To These People, Gov. Corbett’s “C” Word Is an Epithet

Well. It sounds like the media and the educational establishment interpreted Gov. Tom Corbett’s inaugural address the same way I did. Since his inauguration, there has been a bunch of coverage—see Amy Worden and Dan Hardy’s Philadelphia Inquirer story, Brian Wallace’s Lancaster Intelligencer Journal piece, and Scott Detrow’s blog post—of expanding choice, the crucial “C” word the Governor used, in education in Pennsylvania. Each bit of press reveals more of the establishment’s highly alarmed state.

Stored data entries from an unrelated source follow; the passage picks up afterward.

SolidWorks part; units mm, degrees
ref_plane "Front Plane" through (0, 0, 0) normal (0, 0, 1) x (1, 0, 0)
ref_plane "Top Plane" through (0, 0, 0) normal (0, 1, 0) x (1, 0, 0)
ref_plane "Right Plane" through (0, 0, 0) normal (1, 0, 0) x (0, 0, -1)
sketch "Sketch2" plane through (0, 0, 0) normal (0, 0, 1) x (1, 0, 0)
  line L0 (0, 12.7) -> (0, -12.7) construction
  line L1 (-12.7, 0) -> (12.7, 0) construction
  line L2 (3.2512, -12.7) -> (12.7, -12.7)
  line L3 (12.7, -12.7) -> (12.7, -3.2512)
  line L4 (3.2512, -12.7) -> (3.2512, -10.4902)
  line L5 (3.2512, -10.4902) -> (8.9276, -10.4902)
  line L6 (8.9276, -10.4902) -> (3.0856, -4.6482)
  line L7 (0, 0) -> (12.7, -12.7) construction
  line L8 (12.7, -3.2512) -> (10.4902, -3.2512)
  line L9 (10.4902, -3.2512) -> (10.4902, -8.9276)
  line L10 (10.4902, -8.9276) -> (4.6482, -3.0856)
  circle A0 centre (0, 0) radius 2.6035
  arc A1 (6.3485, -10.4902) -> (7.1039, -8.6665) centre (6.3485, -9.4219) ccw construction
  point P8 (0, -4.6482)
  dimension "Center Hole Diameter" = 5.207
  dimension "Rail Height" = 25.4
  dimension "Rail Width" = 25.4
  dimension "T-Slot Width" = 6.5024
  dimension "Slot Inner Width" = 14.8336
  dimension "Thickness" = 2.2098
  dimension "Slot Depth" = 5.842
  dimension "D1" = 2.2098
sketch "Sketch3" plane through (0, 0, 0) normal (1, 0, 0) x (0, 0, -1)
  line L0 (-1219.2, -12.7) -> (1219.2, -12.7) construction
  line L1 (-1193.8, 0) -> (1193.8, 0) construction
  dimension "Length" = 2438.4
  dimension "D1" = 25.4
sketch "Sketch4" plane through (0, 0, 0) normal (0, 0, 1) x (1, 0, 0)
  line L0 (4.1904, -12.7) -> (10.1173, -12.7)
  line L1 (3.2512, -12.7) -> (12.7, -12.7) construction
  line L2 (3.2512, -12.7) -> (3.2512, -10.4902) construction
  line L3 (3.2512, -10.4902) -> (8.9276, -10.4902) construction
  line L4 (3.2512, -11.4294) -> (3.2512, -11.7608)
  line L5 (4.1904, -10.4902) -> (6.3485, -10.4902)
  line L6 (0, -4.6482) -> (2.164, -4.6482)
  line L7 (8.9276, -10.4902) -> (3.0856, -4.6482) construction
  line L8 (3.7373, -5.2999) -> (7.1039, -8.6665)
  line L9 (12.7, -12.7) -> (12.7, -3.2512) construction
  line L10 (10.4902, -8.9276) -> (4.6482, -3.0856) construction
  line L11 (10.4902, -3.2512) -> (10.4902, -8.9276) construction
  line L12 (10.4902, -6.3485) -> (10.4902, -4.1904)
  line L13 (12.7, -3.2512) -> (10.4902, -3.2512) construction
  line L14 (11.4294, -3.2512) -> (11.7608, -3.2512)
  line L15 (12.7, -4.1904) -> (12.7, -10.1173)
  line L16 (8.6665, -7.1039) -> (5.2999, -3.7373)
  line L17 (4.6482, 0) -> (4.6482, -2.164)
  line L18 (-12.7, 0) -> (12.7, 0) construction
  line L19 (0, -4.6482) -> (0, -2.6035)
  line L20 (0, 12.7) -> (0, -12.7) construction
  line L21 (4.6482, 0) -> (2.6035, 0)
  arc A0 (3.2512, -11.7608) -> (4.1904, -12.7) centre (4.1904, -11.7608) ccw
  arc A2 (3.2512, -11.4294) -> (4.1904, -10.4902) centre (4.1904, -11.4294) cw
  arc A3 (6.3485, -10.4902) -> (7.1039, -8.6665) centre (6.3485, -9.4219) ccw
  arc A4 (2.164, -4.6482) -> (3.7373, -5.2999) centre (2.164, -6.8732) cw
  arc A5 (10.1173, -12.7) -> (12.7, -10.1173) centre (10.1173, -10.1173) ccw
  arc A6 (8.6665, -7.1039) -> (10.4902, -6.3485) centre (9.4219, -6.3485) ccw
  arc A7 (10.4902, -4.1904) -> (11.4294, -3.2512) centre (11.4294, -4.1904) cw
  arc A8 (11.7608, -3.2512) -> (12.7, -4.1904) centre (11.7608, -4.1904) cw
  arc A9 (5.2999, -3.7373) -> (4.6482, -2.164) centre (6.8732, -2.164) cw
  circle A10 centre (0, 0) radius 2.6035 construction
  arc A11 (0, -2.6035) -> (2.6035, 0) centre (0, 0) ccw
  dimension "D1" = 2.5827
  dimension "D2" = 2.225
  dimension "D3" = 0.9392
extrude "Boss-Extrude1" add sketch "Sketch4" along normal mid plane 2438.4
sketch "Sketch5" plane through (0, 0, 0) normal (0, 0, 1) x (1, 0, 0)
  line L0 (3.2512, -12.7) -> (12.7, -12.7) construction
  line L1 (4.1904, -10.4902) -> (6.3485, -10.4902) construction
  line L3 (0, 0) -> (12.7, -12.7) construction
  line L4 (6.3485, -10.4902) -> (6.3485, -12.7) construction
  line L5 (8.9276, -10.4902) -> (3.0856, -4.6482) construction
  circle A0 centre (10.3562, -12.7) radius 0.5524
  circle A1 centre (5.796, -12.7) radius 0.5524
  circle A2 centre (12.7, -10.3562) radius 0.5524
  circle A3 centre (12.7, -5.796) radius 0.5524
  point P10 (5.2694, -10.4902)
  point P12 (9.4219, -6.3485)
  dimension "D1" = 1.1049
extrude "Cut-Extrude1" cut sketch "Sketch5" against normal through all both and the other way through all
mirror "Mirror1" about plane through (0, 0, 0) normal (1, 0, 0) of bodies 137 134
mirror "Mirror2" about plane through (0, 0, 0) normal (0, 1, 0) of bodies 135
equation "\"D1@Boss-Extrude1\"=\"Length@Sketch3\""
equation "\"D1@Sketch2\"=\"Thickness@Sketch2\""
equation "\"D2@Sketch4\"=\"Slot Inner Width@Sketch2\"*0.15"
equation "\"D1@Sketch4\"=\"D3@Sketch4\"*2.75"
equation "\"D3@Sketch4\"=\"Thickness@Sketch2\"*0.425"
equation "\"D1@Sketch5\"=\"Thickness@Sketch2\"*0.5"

In the Inquirer, for instance, Lawrence A. Feinberg, a school board member from Delaware County, makes a claim so bizarre that it must be underlain by incredible panic: “There is no evidence that religious or private schools are going to do a better job with this student population and there is no way of finding out.” Actually, as we’ve pointed out before, there’s an easy way of finding out. It’s called reading the 18 studies that show gains in academic achievement by voucher recipients.

The establishment’s rhetoric gets even more fiery in the Intelligencer Journal, in which Richard Caplan, a school board president from Lancaster, uses the term “mind-boggling” to describe the logic behind expanding choice. He complains that on “the one hand, [legislators are] giving schools money, and on the other they’re taking it away.” Along the same lines, Brenda Becker, a superintendent in a different district, expresses her fear that (in the reporter’s words) greater school choice will result in “even more public dollars going to private education.” Pennsylvania School Boards Association official Timothy Allwein expresses a similar concern on Detrow’s blog.

But what’s truly mind-boggling here is not the possibility that Keystone State policymakers will allow parents to stop sending their kids and some (not even all) of their tax dollars to schools that aren’t giving them the results they expect. It is the fact that so many of the adults quoted in these stories are fuming to reporters about issues that have nothing to do with the purpose of the schools they oversee—educating kids—but rather about these adults’ own comfort.

It’s worth asking the question: Why are the establishment’s arguments immediately leaping to issues like not getting as much money as they’d like to pay teachers and utility bills (two examples cited by the PSBA official)? Why not brag about the great results they’re getting in their core mission of teaching kids?

After all, our public schools don’t exist to pay teachers or utility bills. They exist to educate the next generation. If they were doing that excellently, the Governor would not have used that “C” word on Tuesday—and their apologists’ arguments would surely revolve around students’ success, not their own self interest. Pennsylvania’s leaders should dismiss their overheated rhetoric about the latter, and hold them accountable for the former.